▶ TASK: Which lines in the records below include the word "ezdxf"? Report each of them in full.
-- Opening Marker --
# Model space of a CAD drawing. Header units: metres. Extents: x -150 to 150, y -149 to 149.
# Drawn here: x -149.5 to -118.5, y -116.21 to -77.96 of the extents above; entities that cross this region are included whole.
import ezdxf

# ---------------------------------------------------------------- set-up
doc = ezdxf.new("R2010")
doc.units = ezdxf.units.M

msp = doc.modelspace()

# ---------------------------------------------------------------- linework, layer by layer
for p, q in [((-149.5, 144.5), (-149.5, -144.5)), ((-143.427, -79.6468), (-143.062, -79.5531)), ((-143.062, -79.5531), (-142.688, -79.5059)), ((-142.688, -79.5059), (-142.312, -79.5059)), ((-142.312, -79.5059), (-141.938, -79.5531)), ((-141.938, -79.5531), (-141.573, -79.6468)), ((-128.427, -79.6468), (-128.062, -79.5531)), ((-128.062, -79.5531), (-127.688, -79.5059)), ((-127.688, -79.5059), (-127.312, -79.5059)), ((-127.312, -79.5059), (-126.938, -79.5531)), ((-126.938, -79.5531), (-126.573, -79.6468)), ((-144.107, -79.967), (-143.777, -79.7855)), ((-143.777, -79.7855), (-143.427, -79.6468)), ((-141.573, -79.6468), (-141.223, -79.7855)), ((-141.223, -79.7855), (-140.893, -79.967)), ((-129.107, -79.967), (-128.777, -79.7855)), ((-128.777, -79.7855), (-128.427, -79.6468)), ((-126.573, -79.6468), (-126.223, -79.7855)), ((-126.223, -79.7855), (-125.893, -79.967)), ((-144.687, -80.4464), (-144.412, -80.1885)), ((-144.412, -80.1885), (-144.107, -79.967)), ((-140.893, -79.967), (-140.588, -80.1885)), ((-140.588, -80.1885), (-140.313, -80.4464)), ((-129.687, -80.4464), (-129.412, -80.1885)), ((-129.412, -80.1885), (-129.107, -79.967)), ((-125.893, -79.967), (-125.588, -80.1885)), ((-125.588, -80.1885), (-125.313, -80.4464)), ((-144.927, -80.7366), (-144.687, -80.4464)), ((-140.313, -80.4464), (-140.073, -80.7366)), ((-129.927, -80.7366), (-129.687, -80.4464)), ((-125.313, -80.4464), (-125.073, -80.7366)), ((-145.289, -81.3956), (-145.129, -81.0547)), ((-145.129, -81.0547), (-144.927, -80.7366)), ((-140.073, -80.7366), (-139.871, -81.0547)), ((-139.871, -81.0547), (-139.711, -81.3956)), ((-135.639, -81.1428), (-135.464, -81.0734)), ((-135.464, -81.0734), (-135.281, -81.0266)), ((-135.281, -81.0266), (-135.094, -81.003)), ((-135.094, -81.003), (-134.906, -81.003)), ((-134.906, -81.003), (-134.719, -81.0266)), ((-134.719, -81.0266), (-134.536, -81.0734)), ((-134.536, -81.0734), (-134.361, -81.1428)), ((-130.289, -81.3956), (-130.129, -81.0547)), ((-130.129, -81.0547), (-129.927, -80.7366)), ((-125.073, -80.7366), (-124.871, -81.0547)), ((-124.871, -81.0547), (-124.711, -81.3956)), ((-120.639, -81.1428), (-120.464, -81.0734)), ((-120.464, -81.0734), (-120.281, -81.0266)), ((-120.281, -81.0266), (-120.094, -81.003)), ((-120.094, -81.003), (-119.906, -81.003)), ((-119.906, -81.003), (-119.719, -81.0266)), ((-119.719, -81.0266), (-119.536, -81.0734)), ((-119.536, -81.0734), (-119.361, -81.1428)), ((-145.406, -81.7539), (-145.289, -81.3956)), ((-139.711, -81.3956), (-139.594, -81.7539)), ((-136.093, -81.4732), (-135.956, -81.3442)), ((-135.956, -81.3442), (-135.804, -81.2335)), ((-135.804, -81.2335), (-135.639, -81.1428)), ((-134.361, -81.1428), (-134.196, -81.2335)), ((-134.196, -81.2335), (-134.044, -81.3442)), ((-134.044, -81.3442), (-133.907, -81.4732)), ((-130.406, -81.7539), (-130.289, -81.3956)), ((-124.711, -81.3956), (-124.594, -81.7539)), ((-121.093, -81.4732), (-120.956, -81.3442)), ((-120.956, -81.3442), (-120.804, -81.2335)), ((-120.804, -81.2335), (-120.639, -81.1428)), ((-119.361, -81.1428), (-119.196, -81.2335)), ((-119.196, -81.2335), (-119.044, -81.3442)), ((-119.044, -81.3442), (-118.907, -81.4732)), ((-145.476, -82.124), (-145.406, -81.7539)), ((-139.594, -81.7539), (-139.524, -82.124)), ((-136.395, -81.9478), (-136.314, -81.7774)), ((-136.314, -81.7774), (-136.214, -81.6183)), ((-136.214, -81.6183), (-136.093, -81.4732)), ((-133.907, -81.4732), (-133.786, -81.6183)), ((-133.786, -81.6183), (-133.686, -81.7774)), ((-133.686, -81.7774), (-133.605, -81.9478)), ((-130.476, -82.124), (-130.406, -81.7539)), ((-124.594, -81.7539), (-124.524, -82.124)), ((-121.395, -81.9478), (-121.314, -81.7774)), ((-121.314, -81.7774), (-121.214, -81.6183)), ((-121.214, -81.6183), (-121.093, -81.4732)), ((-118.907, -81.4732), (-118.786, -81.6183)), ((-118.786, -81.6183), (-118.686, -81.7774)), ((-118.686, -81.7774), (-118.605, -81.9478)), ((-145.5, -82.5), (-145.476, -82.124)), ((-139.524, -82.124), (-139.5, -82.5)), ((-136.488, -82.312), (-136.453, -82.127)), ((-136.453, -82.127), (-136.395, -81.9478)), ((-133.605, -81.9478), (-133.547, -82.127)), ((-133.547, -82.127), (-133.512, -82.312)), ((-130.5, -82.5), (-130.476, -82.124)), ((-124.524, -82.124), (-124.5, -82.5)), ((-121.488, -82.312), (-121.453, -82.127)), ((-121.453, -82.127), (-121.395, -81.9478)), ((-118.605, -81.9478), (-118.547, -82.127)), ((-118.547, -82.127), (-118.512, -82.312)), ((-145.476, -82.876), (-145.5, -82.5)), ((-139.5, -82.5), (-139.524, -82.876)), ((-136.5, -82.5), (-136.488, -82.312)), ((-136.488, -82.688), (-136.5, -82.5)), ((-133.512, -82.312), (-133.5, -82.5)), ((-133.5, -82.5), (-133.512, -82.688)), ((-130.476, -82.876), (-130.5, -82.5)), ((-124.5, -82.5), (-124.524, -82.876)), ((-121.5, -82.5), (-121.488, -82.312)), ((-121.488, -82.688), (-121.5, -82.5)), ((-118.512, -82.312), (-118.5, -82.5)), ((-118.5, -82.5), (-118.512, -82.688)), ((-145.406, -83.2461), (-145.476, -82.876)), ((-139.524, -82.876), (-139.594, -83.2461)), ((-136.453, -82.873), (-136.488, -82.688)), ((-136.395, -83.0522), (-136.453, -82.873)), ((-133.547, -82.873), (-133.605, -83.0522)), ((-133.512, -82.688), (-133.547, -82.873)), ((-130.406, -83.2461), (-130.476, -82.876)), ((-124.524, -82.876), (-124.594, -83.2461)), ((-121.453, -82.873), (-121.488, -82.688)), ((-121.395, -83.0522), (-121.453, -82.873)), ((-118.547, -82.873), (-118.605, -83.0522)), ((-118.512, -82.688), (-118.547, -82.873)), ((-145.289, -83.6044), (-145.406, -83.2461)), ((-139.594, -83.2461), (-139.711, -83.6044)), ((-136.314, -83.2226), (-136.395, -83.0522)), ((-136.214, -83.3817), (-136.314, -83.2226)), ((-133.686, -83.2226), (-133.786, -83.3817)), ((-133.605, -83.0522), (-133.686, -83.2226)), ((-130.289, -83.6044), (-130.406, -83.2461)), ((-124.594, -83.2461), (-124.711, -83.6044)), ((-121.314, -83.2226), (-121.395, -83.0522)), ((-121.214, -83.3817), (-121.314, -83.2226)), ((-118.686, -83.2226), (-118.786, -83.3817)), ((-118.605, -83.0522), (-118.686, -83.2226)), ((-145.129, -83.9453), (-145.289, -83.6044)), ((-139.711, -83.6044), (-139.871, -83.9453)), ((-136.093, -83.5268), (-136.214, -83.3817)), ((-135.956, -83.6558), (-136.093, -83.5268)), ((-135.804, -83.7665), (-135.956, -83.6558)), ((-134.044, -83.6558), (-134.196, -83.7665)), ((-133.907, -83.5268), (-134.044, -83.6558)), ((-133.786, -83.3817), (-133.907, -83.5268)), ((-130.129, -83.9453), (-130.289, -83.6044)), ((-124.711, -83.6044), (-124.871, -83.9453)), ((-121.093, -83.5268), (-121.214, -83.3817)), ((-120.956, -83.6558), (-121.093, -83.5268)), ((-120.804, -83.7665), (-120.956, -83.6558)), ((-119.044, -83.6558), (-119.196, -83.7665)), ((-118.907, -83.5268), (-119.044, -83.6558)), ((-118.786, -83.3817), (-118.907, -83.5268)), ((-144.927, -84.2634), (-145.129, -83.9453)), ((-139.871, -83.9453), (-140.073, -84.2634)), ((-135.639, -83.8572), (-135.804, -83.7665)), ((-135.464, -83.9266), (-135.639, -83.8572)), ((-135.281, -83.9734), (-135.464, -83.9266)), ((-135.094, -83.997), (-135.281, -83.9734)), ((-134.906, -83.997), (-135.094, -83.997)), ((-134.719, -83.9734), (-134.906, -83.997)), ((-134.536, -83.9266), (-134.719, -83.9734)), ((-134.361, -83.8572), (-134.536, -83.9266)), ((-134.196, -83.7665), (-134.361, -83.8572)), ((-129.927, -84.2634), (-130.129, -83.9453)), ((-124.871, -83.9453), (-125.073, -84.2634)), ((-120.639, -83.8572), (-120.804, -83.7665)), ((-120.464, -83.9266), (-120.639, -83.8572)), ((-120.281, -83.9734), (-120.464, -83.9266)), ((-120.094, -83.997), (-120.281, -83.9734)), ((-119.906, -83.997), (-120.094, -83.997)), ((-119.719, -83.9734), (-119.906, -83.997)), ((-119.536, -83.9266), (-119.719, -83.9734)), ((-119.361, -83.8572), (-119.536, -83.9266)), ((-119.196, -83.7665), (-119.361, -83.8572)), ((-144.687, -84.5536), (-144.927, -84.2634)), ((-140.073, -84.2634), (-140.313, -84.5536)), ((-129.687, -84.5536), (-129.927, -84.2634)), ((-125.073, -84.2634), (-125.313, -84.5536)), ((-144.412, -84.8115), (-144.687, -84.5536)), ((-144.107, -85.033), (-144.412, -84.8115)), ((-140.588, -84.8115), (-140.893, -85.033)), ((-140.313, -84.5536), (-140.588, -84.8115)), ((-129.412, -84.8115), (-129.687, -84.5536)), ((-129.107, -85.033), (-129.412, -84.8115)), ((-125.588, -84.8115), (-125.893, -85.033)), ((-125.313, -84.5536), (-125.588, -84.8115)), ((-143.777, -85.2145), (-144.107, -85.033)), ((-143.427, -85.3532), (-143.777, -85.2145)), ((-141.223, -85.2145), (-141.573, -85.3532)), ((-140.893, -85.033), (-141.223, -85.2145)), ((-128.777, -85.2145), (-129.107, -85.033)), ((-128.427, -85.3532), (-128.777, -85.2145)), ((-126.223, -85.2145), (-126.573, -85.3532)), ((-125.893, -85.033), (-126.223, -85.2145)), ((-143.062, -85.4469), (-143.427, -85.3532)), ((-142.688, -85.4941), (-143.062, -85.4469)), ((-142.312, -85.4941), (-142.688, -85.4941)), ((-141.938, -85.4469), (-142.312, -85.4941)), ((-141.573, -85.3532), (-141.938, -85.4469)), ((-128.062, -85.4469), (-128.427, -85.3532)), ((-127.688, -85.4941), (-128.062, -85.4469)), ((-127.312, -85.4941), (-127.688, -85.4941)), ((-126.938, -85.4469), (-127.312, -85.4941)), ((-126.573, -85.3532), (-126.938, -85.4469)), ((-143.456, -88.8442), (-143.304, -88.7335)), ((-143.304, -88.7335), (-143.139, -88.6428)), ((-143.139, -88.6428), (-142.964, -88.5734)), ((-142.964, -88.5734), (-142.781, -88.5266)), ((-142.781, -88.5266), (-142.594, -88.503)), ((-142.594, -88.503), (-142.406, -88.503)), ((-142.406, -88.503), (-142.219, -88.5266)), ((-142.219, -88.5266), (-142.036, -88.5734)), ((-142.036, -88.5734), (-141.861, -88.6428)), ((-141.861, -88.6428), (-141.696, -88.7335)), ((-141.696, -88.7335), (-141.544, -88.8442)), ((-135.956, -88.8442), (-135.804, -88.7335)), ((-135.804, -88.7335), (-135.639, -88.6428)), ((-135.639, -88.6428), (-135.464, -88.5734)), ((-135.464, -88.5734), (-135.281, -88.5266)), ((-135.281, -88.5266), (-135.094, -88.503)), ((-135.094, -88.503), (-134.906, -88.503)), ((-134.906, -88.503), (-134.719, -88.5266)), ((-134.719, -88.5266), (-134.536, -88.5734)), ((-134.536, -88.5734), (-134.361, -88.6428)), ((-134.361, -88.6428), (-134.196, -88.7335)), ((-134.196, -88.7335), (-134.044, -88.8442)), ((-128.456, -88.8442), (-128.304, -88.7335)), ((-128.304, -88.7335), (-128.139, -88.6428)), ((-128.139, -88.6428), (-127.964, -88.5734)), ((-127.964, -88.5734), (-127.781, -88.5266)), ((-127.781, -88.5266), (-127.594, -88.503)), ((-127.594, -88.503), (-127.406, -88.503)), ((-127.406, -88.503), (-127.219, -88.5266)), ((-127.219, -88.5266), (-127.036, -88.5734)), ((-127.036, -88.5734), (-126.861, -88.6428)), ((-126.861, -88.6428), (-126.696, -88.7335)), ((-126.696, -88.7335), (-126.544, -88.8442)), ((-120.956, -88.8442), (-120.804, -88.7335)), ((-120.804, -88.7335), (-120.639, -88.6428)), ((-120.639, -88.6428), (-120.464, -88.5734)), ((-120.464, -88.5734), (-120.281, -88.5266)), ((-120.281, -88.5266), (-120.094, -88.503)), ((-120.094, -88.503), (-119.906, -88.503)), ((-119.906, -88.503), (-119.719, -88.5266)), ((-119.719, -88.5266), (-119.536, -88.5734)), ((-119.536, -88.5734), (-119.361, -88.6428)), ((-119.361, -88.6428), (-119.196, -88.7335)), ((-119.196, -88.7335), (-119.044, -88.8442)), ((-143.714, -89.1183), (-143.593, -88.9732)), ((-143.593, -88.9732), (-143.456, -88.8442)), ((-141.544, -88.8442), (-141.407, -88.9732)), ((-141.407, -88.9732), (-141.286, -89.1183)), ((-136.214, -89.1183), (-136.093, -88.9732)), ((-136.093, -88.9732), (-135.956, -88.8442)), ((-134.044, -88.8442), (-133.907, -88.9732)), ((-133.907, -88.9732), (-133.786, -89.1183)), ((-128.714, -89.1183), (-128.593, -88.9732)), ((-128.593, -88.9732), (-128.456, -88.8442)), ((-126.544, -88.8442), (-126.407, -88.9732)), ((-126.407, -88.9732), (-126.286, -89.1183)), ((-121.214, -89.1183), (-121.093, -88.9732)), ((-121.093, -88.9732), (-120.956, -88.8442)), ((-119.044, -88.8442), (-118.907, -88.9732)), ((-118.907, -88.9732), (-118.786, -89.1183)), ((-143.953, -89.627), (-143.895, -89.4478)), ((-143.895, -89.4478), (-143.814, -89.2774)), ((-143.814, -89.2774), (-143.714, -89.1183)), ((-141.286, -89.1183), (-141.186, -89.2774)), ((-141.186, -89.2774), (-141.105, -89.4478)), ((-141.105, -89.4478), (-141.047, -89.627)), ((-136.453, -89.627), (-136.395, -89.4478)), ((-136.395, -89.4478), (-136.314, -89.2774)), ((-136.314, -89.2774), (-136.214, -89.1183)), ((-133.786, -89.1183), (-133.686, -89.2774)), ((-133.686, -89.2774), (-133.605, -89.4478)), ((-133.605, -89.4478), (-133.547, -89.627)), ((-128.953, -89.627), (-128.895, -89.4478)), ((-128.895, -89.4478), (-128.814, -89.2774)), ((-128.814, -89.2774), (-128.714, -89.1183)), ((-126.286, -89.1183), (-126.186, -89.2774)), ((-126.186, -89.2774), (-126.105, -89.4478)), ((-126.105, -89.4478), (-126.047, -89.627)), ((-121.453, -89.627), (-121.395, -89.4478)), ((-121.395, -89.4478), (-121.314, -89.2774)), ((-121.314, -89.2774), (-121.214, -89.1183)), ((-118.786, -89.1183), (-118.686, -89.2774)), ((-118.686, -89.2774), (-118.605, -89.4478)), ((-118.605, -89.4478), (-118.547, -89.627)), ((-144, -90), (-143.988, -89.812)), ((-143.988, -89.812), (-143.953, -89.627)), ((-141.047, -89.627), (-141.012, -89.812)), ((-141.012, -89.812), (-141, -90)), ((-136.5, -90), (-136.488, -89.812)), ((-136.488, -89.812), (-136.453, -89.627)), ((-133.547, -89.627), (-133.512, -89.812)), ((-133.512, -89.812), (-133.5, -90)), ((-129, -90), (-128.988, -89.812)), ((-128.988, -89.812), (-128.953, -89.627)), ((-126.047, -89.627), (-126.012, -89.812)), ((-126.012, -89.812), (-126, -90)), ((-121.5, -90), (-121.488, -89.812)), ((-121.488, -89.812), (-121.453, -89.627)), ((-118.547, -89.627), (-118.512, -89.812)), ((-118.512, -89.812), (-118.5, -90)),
-- Closing Marker --
▶ PROBLEM SOLUTION:
import ezdxf
doc = ezdxf.new("R2010")
doc.units = ezdxf.units.M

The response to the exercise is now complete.